Data entries:
####

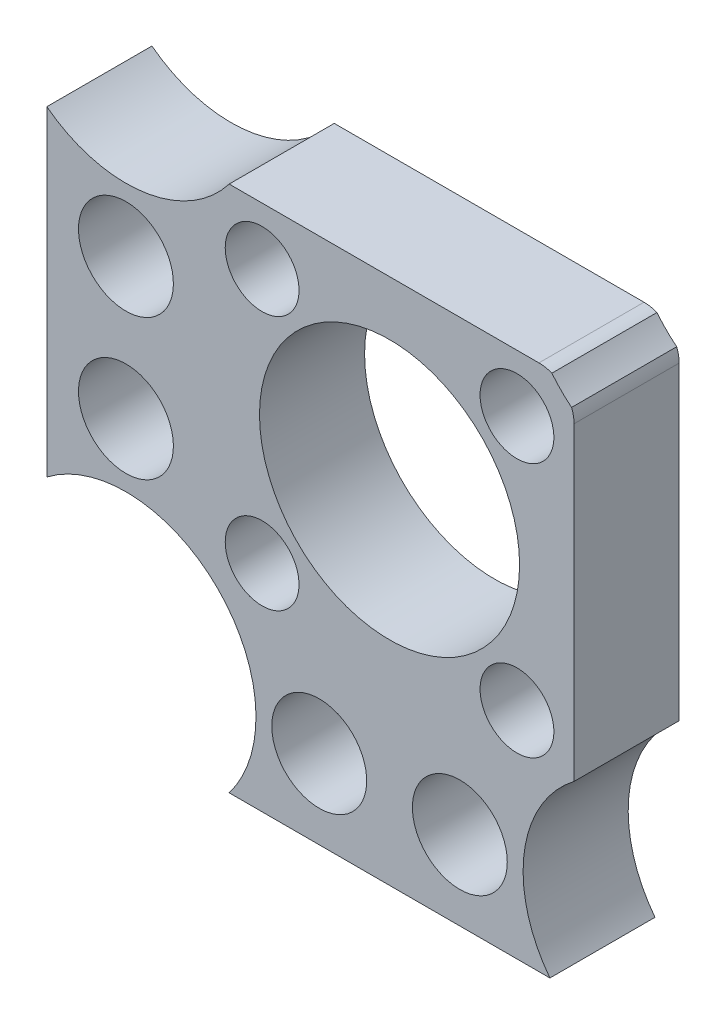
ISO-10303-21;
HEADER;
FILE_DESCRIPTION(('STEP AP214'),'2;1');
FILE_NAME('part.step','',(''),(''),'','','');
FILE_SCHEMA(('AUTOMOTIVE_DESIGN { 1 0 10303 214 1 1 1 1 }'));
ENDSEC;
DATA;
#1=APPLICATION_CONTEXT('core data for automotive mechanical design processes');
#2=APPLICATION_PROTOCOL_DEFINITION('international standard','automotive_design',2000,#1);
#3=PRODUCT_CONTEXT('',#1,'mechanical');
#4=PRODUCT('Part','Part','',(#3));
#5=PRODUCT_RELATED_PRODUCT_CATEGORY('part','',(#4));
#6=PRODUCT_DEFINITION_FORMATION('','',#4);
#7=PRODUCT_DEFINITION_CONTEXT('part definition',#1,'design');
#8=PRODUCT_DEFINITION('design','',#6,#7);
#9=PRODUCT_DEFINITION_SHAPE('','',#8);
#10=(LENGTH_UNIT() NAMED_UNIT(*) SI_UNIT(.MILLI.,.METRE.));
#11=(NAMED_UNIT(*) PLANE_ANGLE_UNIT() SI_UNIT($,.RADIAN.));
#12=(NAMED_UNIT(*) SI_UNIT($,.STERADIAN.) SOLID_ANGLE_UNIT());
#13=UNCERTAINTY_MEASURE_WITH_UNIT(LENGTH_MEASURE(1.E-05),#10,'distance_accuracy_value','');
#14=(GEOMETRIC_REPRESENTATION_CONTEXT(3) GLOBAL_UNCERTAINTY_ASSIGNED_CONTEXT((#13)) GLOBAL_UNIT_ASSIGNED_CONTEXT((#10,
#11,#12)) REPRESENTATION_CONTEXT('',''));
#15=CARTESIAN_POINT('',(0.,0.,0.));
#16=DIRECTION('',(0.,0.,1.));
#17=DIRECTION('',(1.,0.,0.));
#18=AXIS2_PLACEMENT_3D('',#15,#16,#17);
#19=CARTESIAN_POINT('',(8.49999999999999,8.5,-48.4264068711929));
#20=DIRECTION('',(0.,0.,1.));
#21=DIRECTION('',(1.,0.,0.));
#22=AXIS2_PLACEMENT_3D('',#19,#20,#21);
#23=CYLINDRICAL_SURFACE('',#22,2.);
#24=DIRECTION('',(0.,0.,-1.));
#25=VECTOR('',#24,1.);
#26=CARTESIAN_POINT('',(9.23555827157973,10.3598263438049,-0.48));
#27=LINE('',#26,#25);
#28=CARTESIAN_POINT('',(9.23555827157973,10.3598263438049,-5.98));
#29=VERTEX_POINT('',#28);
#30=CARTESIAN_POINT('',(9.23555827157973,10.3598263438049,0.));
#31=VERTEX_POINT('',#30);
#32=EDGE_CURVE('E12',#29,#31,#27,.F.);
#33=ORIENTED_EDGE('',*,*,#32,.F.);
#34=CARTESIAN_POINT('',(8.49999999999999,8.5,-5.98));
#35=DIRECTION('',(0.,0.,-1.));
#36=DIRECTION('',(-1.,0.,0.));
#37=AXIS2_PLACEMENT_3D('',#34,#35,#36);
#38=CIRCLE('',#37,2.);
#39=CARTESIAN_POINT('',(8.49999999999999,10.5,-5.98));
#40=VERTEX_POINT('',#39);
#41=EDGE_CURVE('E125',#40,#29,#38,.T.);
#42=ORIENTED_EDGE('',*,*,#41,.F.);
#43=DIRECTION('',(0.,0.,1.));
#44=VECTOR('',#43,1.);
#45=CARTESIAN_POINT('',(8.49999999999999,10.5,-48.4264068711929));
#46=LINE('',#45,#44);
#47=CARTESIAN_POINT('',(8.5,10.5,0.));
#48=VERTEX_POINT('',#47);
#49=EDGE_CURVE('E141',#48,#40,#46,.F.);
#50=ORIENTED_EDGE('',*,*,#49,.F.);
#51=CARTESIAN_POINT('',(8.49999999999999,8.5,0.));
#52=DIRECTION('',(0.,0.,-1.));
#53=DIRECTION('',(-1.,0.,0.));
#54=AXIS2_PLACEMENT_3D('',#51,#52,#53);
#55=CIRCLE('',#54,2.);
#56=EDGE_CURVE('E147',#31,#48,#55,.F.);
#57=ORIENTED_EDGE('',*,*,#56,.F.);
#58=EDGE_LOOP('',(#33,#42,#50,#57));
#59=FACE_BOUND('',#58,.T.);
#60=ADVANCED_FACE('F40',(#59),#23,.T.);
#61=CARTESIAN_POINT('',(-19.5,10.5,-48.4264068711929));
#62=DIRECTION('',(-1.,0.,0.));
#63=DIRECTION('',(0.,-1.,0.));
#64=AXIS2_PLACEMENT_3D('',#61,#62,#63);
#65=PLANE('',#64);
#66=DIRECTION('',(0.,0.,-1.));
#67=VECTOR('',#66,1.);
#68=CARTESIAN_POINT('',(-19.5,9.12547874290995,5.02));
#69=LINE('',#68,#67);
#70=CARTESIAN_POINT('',(-19.5,9.12547874290995,-5.98));
#71=VERTEX_POINT('',#70);
#72=CARTESIAN_POINT('',(-19.5,9.12547874290995,0.));
#73=VERTEX_POINT('',#72);
#74=EDGE_CURVE('E215',#71,#73,#69,.F.);
#75=ORIENTED_EDGE('',*,*,#74,.F.);
#76=DIRECTION('',(0.,-1.,0.));
#77=VECTOR('',#76,1.);
#78=CARTESIAN_POINT('',(-19.5,10.5,-5.98));
#79=LINE('',#78,#77);
#80=CARTESIAN_POINT('',(-19.5,-9.12547874291019,-5.98));
#81=VERTEX_POINT('',#80);
#82=EDGE_CURVE('E159',#71,#81,#79,.T.);
#83=ORIENTED_EDGE('',*,*,#82,.T.);
#84=DIRECTION('',(0.,0.,-1.));
#85=VECTOR('',#84,1.);
#86=CARTESIAN_POINT('',(-19.5,-9.12547874291019,5.02));
#87=LINE('',#86,#85);
#88=CARTESIAN_POINT('',(-19.5,-9.12547874291019,0.));
#89=VERTEX_POINT('',#88);
#90=EDGE_CURVE('E189',#89,#81,#87,.T.);
#91=ORIENTED_EDGE('',*,*,#90,.F.);
#92=DIRECTION('',(0.,-1.,0.));
#93=VECTOR('',#92,1.);
#94=CARTESIAN_POINT('',(-19.5,10.5,0.));
#95=LINE('',#94,#93);
#96=EDGE_CURVE('E164',#73,#89,#95,.T.);
#97=ORIENTED_EDGE('',*,*,#96,.F.);
#98=EDGE_LOOP('',(#75,#83,#91,#97));
#99=FACE_BOUND('',#98,.T.);
#100=ADVANCED_FACE('F264',(#99),#65,.T.);
#101=CARTESIAN_POINT('',(10.5,10.5,-48.4264068711929));
#102=DIRECTION('',(0.,1.,0.));
#103=DIRECTION('',(-1.,0.,0.));
#104=AXIS2_PLACEMENT_3D('',#101,#102,#103);
#105=PLANE('',#104);
#106=DIRECTION('',(0.,0.,-1.));
#107=VECTOR('',#106,1.);
#108=CARTESIAN_POINT('',(-9.12547874291023,10.5,5.02));
#109=LINE('',#108,#107);
#110=CARTESIAN_POINT('',(-9.12547874291023,10.5,0.));
#111=VERTEX_POINT('',#110);
#112=CARTESIAN_POINT('',(-9.12547874291023,10.5,-5.98));
#113=VERTEX_POINT('',#112);
#114=EDGE_CURVE('E63',#111,#113,#109,.T.);
#115=ORIENTED_EDGE('',*,*,#114,.F.);
#116=DIRECTION('',(-1.,0.,0.));
#117=VECTOR('',#116,1.);
#118=CARTESIAN_POINT('',(10.5,10.5,0.));
#119=LINE('',#118,#117);
#120=EDGE_CURVE('E172',#48,#111,#119,.T.);
#121=ORIENTED_EDGE('',*,*,#120,.F.);
#122=ORIENTED_EDGE('',*,*,#49,.T.);
#123=DIRECTION('',(-1.,0.,0.));
#124=VECTOR('',#123,1.);
#125=CARTESIAN_POINT('',(10.5,10.5,-5.98));
#126=LINE('',#125,#124);
#127=EDGE_CURVE('E156',#40,#113,#126,.T.);
#128=ORIENTED_EDGE('',*,*,#127,.T.);
#129=EDGE_LOOP('',(#115,#121,#122,#128));
#130=FACE_BOUND('',#129,.T.);
#131=ADVANCED_FACE('F270',(#130),#105,.T.);
#132=CARTESIAN_POINT('',(10.5,-19.5,-48.4264068711929));
#133=DIRECTION('',(1.,0.,0.));
#134=DIRECTION('',(0.,1.,0.));
#135=AXIS2_PLACEMENT_3D('',#132,#133,#134);
#136=PLANE('',#135);
#137=DIRECTION('',(0.,0.,-1.));
#138=VECTOR('',#137,1.);
#139=CARTESIAN_POINT('',(10.5,-9.12547874291018,5.02));
#140=LINE('',#139,#138);
#141=CARTESIAN_POINT('',(10.5,-9.12547874291018,-5.98));
#142=VERTEX_POINT('',#141);
#143=CARTESIAN_POINT('',(10.5,-9.12547874291018,0.));
#144=VERTEX_POINT('',#143);
#145=EDGE_CURVE('E209',#142,#144,#140,.F.);
#146=ORIENTED_EDGE('',*,*,#145,.F.);
#147=DIRECTION('',(0.,1.,0.));
#148=VECTOR('',#147,1.);
#149=CARTESIAN_POINT('',(10.5,-19.5,-5.98));
#150=LINE('',#149,#148);
#151=CARTESIAN_POINT('',(10.5,8.5,-5.98));
#152=VERTEX_POINT('',#151);
#153=EDGE_CURVE('E154',#142,#152,#150,.T.);
#154=ORIENTED_EDGE('',*,*,#153,.T.);
#155=DIRECTION('',(0.,0.,1.));
#156=VECTOR('',#155,1.);
#157=CARTESIAN_POINT('',(10.5,8.5,-48.4264068711929));
#158=LINE('',#157,#156);
#159=CARTESIAN_POINT('',(10.5,8.5,0.));
#160=VERTEX_POINT('',#159);
#161=EDGE_CURVE('E140',#152,#160,#158,.T.);
#162=ORIENTED_EDGE('',*,*,#161,.T.);
#163=DIRECTION('',(0.,1.,0.));
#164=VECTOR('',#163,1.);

####

Required action: Word for word, restate the lines above from the first through the one that contains "#23=CYLINDRICAL_SURFACE('',#22,2.);", and exclude all pictures.

Answer space:
ISO-10303-21;
HEADER;
FILE_DESCRIPTION(('STEP AP214'),'2;1');
FILE_NAME('part.step','',(''),(''),'','','');
FILE_SCHEMA(('AUTOMOTIVE_DESIGN { 1 0 10303 214 1 1 1 1 }'));
ENDSEC;
DATA;
#1=APPLICATION_CONTEXT('core data for automotive mechanical design processes');
#2=APPLICATION_PROTOCOL_DEFINITION('international standard','automotive_design',2000,#1);
#3=PRODUCT_CONTEXT('',#1,'mechanical');
#4=PRODUCT('Part','Part','',(#3));
#5=PRODUCT_RELATED_PRODUCT_CATEGORY('part','',(#4));
#6=PRODUCT_DEFINITION_FORMATION('','',#4);
#7=PRODUCT_DEFINITION_CONTEXT('part definition',#1,'design');
#8=PRODUCT_DEFINITION('design','',#6,#7);
#9=PRODUCT_DEFINITION_SHAPE('','',#8);
#10=(LENGTH_UNIT() NAMED_UNIT(*) SI_UNIT(.MILLI.,.METRE.));
#11=(NAMED_UNIT(*) PLANE_ANGLE_UNIT() SI_UNIT($,.RADIAN.));
#12=(NAMED_UNIT(*) SI_UNIT($,.STERADIAN.) SOLID_ANGLE_UNIT());
#13=UNCERTAINTY_MEASURE_WITH_UNIT(LENGTH_MEASURE(1.E-05),#10,'distance_accuracy_value','');
#14=(GEOMETRIC_REPRESENTATION_CONTEXT(3) GLOBAL_UNCERTAINTY_ASSIGNED_CONTEXT((#13)) GLOBAL_UNIT_ASSIGNED_CONTEXT((#10,
#11,#12)) REPRESENTATION_CONTEXT('',''));
#15=CARTESIAN_POINT('',(0.,0.,0.));
#16=DIRECTION('',(0.,0.,1.));
#17=DIRECTION('',(1.,0.,0.));
#18=AXIS2_PLACEMENT_3D('',#15,#16,#17);
#19=CARTESIAN_POINT('',(8.49999999999999,8.5,-48.4264068711929));
#20=DIRECTION('',(0.,0.,1.));
#21=DIRECTION('',(1.,0.,0.));
#22=AXIS2_PLACEMENT_3D('',#19,#20,#21);
#23=CYLINDRICAL_SURFACE('',#22,2.);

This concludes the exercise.